I gulp loudly and finally close my mouth. Everything is happening fast. First, it was the fact that Bryan and I have been married for over five years when we thought it was a fake one and now he is confessing his feelings of love for me.

How is that even possible?

Bryan can not love. I thought he was beginning to when we had sex for the second time and we talked into the night but he disappointed me and made my assumptions wrong.

Bryan isn’t someone destined to love. He doesn’t love me. He must have made a mistake.

I am about to tell him he must be mistaken about his feelings for me when he pulls me closer to him with his hands around my waist and he takes my lips in a searing kiss.

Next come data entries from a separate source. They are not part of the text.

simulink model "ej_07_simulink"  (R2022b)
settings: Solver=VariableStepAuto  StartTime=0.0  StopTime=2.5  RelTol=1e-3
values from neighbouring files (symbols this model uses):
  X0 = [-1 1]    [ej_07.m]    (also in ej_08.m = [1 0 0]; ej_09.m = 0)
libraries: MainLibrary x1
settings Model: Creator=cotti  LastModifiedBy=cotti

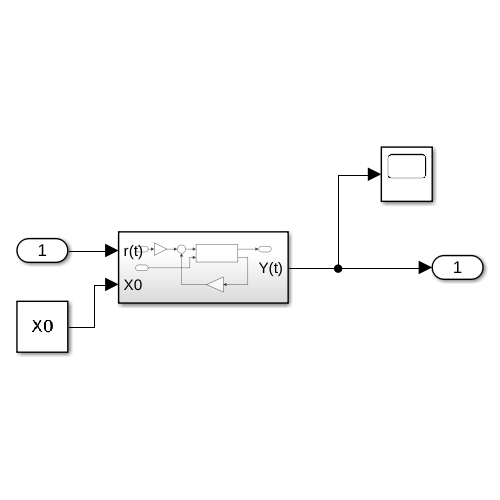
[thumbnail: Simulink's stored preview of the top-level diagram]
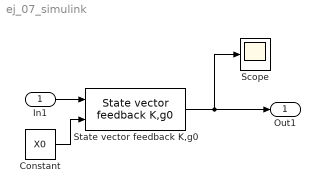
== system ej_07_simulink ==
  In1 : Inport
  Constant : Constant  Value=X0
  Scope : Scope
  State vector feedback K,g0 : MainLibrary/State vector feedback K,g0  SystemSampleTime=-1  VariantActivationTime=update diagram  Latency=0  AutoFrameSizeCalculation=off
  Out1 : Outport
  wires:
  In1/1 -> State vector feedback K,g0/1
  State vector feedback K,g0/1 -> Scope/1, Out1/1
  Constant/1 -> State vector feedback K,g0/2
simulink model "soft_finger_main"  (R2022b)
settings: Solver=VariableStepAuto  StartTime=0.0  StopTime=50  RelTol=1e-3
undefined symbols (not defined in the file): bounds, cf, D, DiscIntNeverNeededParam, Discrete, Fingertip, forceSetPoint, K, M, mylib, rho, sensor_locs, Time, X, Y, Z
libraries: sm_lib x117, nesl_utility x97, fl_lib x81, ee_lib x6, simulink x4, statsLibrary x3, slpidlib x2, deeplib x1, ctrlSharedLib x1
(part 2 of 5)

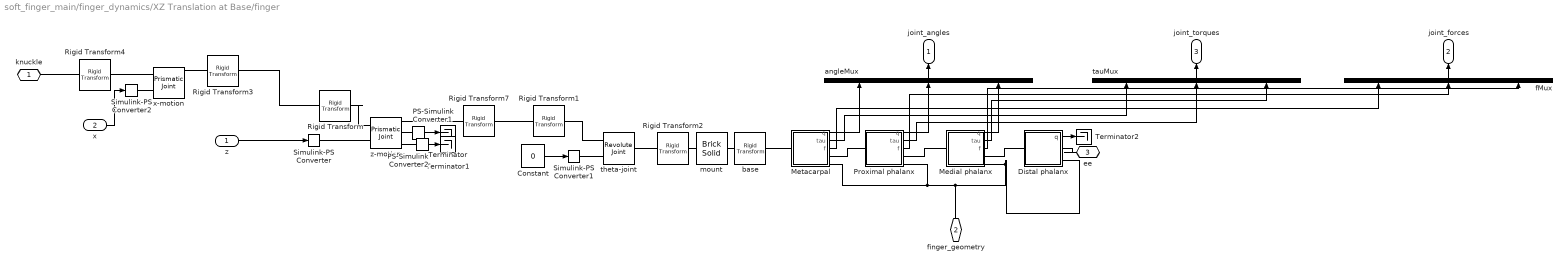
== system soft_finger_main/finger_dynamics/XZ Translation at Base/finger ==
  z : Inport
  x : Inport  Port=2
  Constant : Constant  Value=0
  Distal phalanx : Subsystem  mask{D=D, L=15, K=K, M=M, rho=rho, mu=1, muV=1}
  Medial phalanx : Subsystem  mask{D=D, L=24, K=K, M=M, rho=rho, mu=1, muV=1}
  Metacarpal : Subsystem  mask{D=D, L=64, K=K, M=M, rho=rho, mu=1, muV=1}
  PS-Simulink Converter1 : nesl_utility/PS-Simulink Converter  PhysicalDomain=network_engine_domain  SubClassName=ps_output  LeftPortType=input  RightPortType=output  PseudoPeriodic=off  Frequencies=[]  VectorFormat=1-D array  Unit=inherit  AffineConversion=off
  PS-Simulink Converter2 : nesl_utility/PS-Simulink Converter  PhysicalDomain=network_engine_domain  SubClassName=ps_output  LeftPortType=input  RightPortType=output  PseudoPeriodic=off  Frequencies=[]  VectorFormat=1-D array  Unit=inherit  AffineConversion=off
  Proximal phalanx : Subsystem  mask{D=D, L=39, K=K, M=M, rho=rho, mu=1, muV=1}
  Rigid Transform : sm_lib/Frames and Transforms/Rigid Transform  TranslationMethod=Cartesian  TranslationStandardOffset=40  TranslationLengthUnit=mm  TranslationStandardAxis=+Z  TranslationCartesianOffset=initPos  TranslationROffset=0  TranslationROffsetUnits=m  TranslationZOffset=0  TranslationZOffsetUnits=m  TranslationThetaOffset=0  TranslationThetaOffsetUnits=deg  RotationMethod=StandardAxis  RotationAngleUnits=deg  RotationStandardAxis=+Z  RotationAngle=180  RotationArbitraryAxis=[0 0 1]  FollAlignAxisA=+X  BaseAlignAxisA=+Y  FollAlignAxisB=+Y  BaseAlignAxisB=+Z  RotationSequenceAxes=FollowerAxes  RotationSequence=XYX  RotationSequenceAngles=[0 0 0]  RotationSequenceAnglesUnits=deg  RotationMatrix=[1 0 0; 0 1 0; 0 0 1]  Quaternion=[1 0 0 0]
  Rigid Transform1 : sm_lib/Frames and Transforms/Rigid Transform  TranslationMethod=None  TranslationStandardOffset=0  TranslationLengthUnit=m  TranslationStandardAxis=+Z  TranslationCartesianOffset=[0 0 0]  TranslationROffset=0  TranslationROffsetUnits=m  TranslationZOffset=0  TranslationZOffsetUnits=m  TranslationThetaOffset=0  TranslationThetaOffsetUnits=deg  RotationMethod=StandardAxis  RotationAngleUnits=deg  RotationStandardAxis=-X  RotationAngle=90  RotationArbitraryAxis=[0 0 1]  FollAlignAxisA=+X  BaseAlignAxisA=+Y  FollAlignAxisB=+Y  BaseAlignAxisB=+Z  RotationSequenceAxes=FollowerAxes  RotationSequence=XYX  RotationSequenceAngles=[0 0 0]  RotationSequenceAnglesUnits=deg  RotationMatrix=[1 0 0; 0 1 0; 0 0 1]  Quaternion=[1 0 0 0]
  Rigid Transform2 : sm_lib/Frames and Transforms/Rigid Transform  TranslationMethod=None  TranslationStandardOffset=0  TranslationLengthUnit=m  TranslationStandardAxis=+Z  TranslationCartesianOffset=[0 0 0]  TranslationROffset=0  TranslationROffsetUnits=m  TranslationZOffset=0  TranslationZOffsetUnits=m  TranslationThetaOffset=0  TranslationThetaOffsetUnits=deg  RotationMethod=StandardAxis  RotationAngleUnits=deg  RotationStandardAxis=-X  RotationAngle=90  RotationArbitraryAxis=[0 0 1]  FollAlignAxisA=+X  BaseAlignAxisA=+Y  FollAlignAxisB=+Y  BaseAlignAxisB=+Z  RotationSequenceAxes=FollowerAxes  RotationSequence=XYX  RotationSequenceAngles=[0 0 0]  RotationSequenceAnglesUnits=deg  RotationMatrix=[1 0 0; 0 1 0; 0 0 1]  Quaternion=[1 0 0 0]
  Rigid Transform3 : sm_lib/Frames and Transforms/Rigid Transform  TranslationMethod=None  TranslationStandardOffset=0  TranslationLengthUnit=m  TranslationStandardAxis=+Z  TranslationCartesianOffset=[0 0 0]  TranslationROffset=0  TranslationROffsetUnits=m  TranslationZOffset=0  TranslationZOffsetUnits=m  TranslationThetaOffset=0  TranslationThetaOffsetUnits=deg  RotationMethod=StandardAxis  RotationAngleUnits=deg  RotationStandardAxis=+Y  RotationAngle=90  RotationArbitraryAxis=[0 0 1]  FollAlignAxisA=+X  BaseAlignAxisA=+Y  FollAlignAxisB=+Y  BaseAlignAxisB=+Z  RotationSequenceAxes=FollowerAxes  RotationSequence=XYX  RotationSequenceAngles=[0 0 0]  RotationSequenceAnglesUnits=deg  RotationMatrix=[1 0 0; 0 1 0; 0 0 1]  Quaternion=[1 0 0 0]
  Rigid Transform4 : sm_lib/Frames and Transforms/Rigid Transform  TranslationMethod=None  TranslationStandardOffset=0  TranslationLengthUnit=m  TranslationStandardAxis=+Z  TranslationCartesianOffset=[0 0 0]  TranslationROffset=0  TranslationROffsetUnits=m  TranslationZOffset=0  TranslationZOffsetUnits=m  TranslationThetaOffset=0  TranslationThetaOffsetUnits=deg  RotationMethod=StandardAxis  RotationAngleUnits=deg  RotationStandardAxis=-Y  RotationAngle=90  RotationArbitraryAxis=[0 0 1]  FollAlignAxisA=+X  BaseAlignAxisA=+Y  FollAlignAxisB=+Y  BaseAlignAxisB=+Z  RotationSequenceAxes=FollowerAxes  RotationSequence=XYX  RotationSequenceAngles=[0 0 0]  RotationSequenceAnglesUnits=deg  RotationMatrix=[1 0 0; 0 1 0; 0 0 1]  Quaternion=[1 0 0 0]
  Rigid Transform7 : sm_lib/Frames and Transforms/Rigid Transform  TranslationMethod=None  TranslationStandardOffset=0  TranslationLengthUnit=m  TranslationStandardAxis=+Z  TranslationCartesianOffset=[0 0 0]  TranslationROffset=0  TranslationROffsetUnits=m  TranslationZOffset=0  TranslationZOffsetUnits=m  TranslationThetaOffset=0  TranslationThetaOffsetUnits=deg  RotationMethod=StandardAxis  RotationAngleUnits=rad  RotationStandardAxis=+Y  RotationAngle=0  RotationArbitraryAxis=[0 0 1]  FollAlignAxisA=+X  BaseAlignAxisA=+Y  FollAlignAxisB=+Y  BaseAlignAxisB=+Z  RotationSequenceAxes=FollowerAxes  RotationSequence=XYX  RotationSequenceAngles=[0 0 0]  RotationSequenceAnglesUnits=deg  RotationMatrix=[1 0 0; 0 1 0; 0 0 1]  Quaternion=[1 0 0 0]
  Simulink-PS Converter : nesl_utility/Simulink-PS Converter  PhysicalDomain=network_engine_domain  SubClassName=ps_input  LeftPortType=input  RightPortType=output  PseudoPeriodic=off  Frequencies=[]  NoiseDistribution=none  NoiseParameters=[]  Unit=mm  AffineConversion=off  FilteringAndDerivatives=filter  SimscapeFilterOrder=2  InputFilterTimeConstant=0.001  UdotUserProvided=0
  Simulink-PS Converter1 : nesl_utility/Simulink-PS Converter  PhysicalDomain=network_engine_domain  SubClassName=ps_input  LeftPortType=input  RightPortType=output  PseudoPeriodic=off  Frequencies=[]  NoiseDistribution=none  NoiseParameters=[]  Unit=rad  AffineConversion=off  FilteringAndDerivatives=filter  SimscapeFilterOrder=2  InputFilterTimeConstant=0.001  UdotUserProvided=0
  Simulink-PS Converter2 : nesl_utility/Simulink-PS Converter  PhysicalDomain=network_engine_domain  SubClassName=ps_input  LeftPortType=input  RightPortType=output  PseudoPeriodic=off  Frequencies=[]  NoiseDistribution=none  NoiseParameters=[]  Unit=mm  AffineConversion=off  FilteringAndDerivatives=filter  SimscapeFilterOrder=2  InputFilterTimeConstant=0.001  UdotUserProvided=0
  Terminator : Terminator
  Terminator1 : Terminator
  Terminator2 : Terminator
  angleMux : Mux  Inputs=3
  base : sm_lib/Frames and Transforms/Rigid Transform  TranslationMethod=None  TranslationStandardOffset=0  TranslationLengthUnit=m  TranslationStandardAxis=+Z  TranslationCartesianOffset=[0 0 0]  TranslationROffset=0  TranslationROffsetUnits=m  TranslationZOffset=0  TranslationZOffsetUnits=m  TranslationThetaOffset=0  TranslationThetaOffsetUnits=deg  RotationMethod=StandardAxis  RotationAngleUnits=deg  RotationStandardAxis=+Y  RotationAngle=90  RotationArbitraryAxis=[0 0 1]  FollAlignAxisA=+X  BaseAlignAxisA=+Y  FollAlignAxisB=+Y  BaseAlignAxisB=+Z  RotationSequenceAxes=FollowerAxes  RotationSequence=XYX  RotationSequenceAngles=[0 0 0]  RotationSequenceAnglesUnits=deg  RotationMatrix=[1 0 0; 0 1 0; 0 0 1]  Quaternion=[1 0 0 0]
  fMux : Mux  Inputs=3
  mount : sm_lib/Body Elements/Brick Solid  GraphicAmbientColor=[0.15 0.15 0.15 1.0]  BasedOnType=Density  BrickDimensions=[10 10 10]  BrickDimensionUnits=mm  CenterOfMass=[0 0 0]  CenterOfMassUnits=m  GraphicDiffuseColor=[.9 .9 1]  Density=1000  DensityUnits=kg/m^3  DoExposeReferenceFrame=on  GraphicEmissiveColor=[0.0 0.0 0.0 1.0]  ExportEntireGeometry=off  SerializedFrames=<Frames><Frame><Id>Frame1</Id><Value><Name>F1</Name><Origin><Source>GeometricFeature</Source><FeatureName>+x surface</FeatureName></Origin><PrimaryAxis><DefinedDirection>+Z</DefinedDirection><Source>ReferenceFrame</Source><SourceDirection>+Z</SourceDirection><FeatureName></FeatureName></PrimaryAxis><SecondaryAxis><DefinedDirection>+X</DefinedDirection><Source>ReferenceFrame</Source><SourceDirection>+X</SourceDirection><FeatureName></FeatureName></SecondaryAxis></Value></Frame></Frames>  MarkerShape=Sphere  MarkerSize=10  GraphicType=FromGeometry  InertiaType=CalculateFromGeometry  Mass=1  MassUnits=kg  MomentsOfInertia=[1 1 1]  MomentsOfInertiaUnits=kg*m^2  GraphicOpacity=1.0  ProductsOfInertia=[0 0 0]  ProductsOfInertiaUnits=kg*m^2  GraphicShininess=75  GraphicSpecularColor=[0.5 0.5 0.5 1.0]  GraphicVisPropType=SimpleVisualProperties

It was slow at first and he didn’t hesitate to move his lips on mine immediately.

When I try to push him away again, even though I want him, I want more, his grip on me becomes stronger and the kiss becomes rough and a soft moan escapes my mouth.

This is when it dawns on me that Bryan isn’t one to express his feelings through words but through actions. He is pouring out all of his emotions into this kiss.

Without thinking, I open up for him to explore the insides of my mouth and I kiss him back.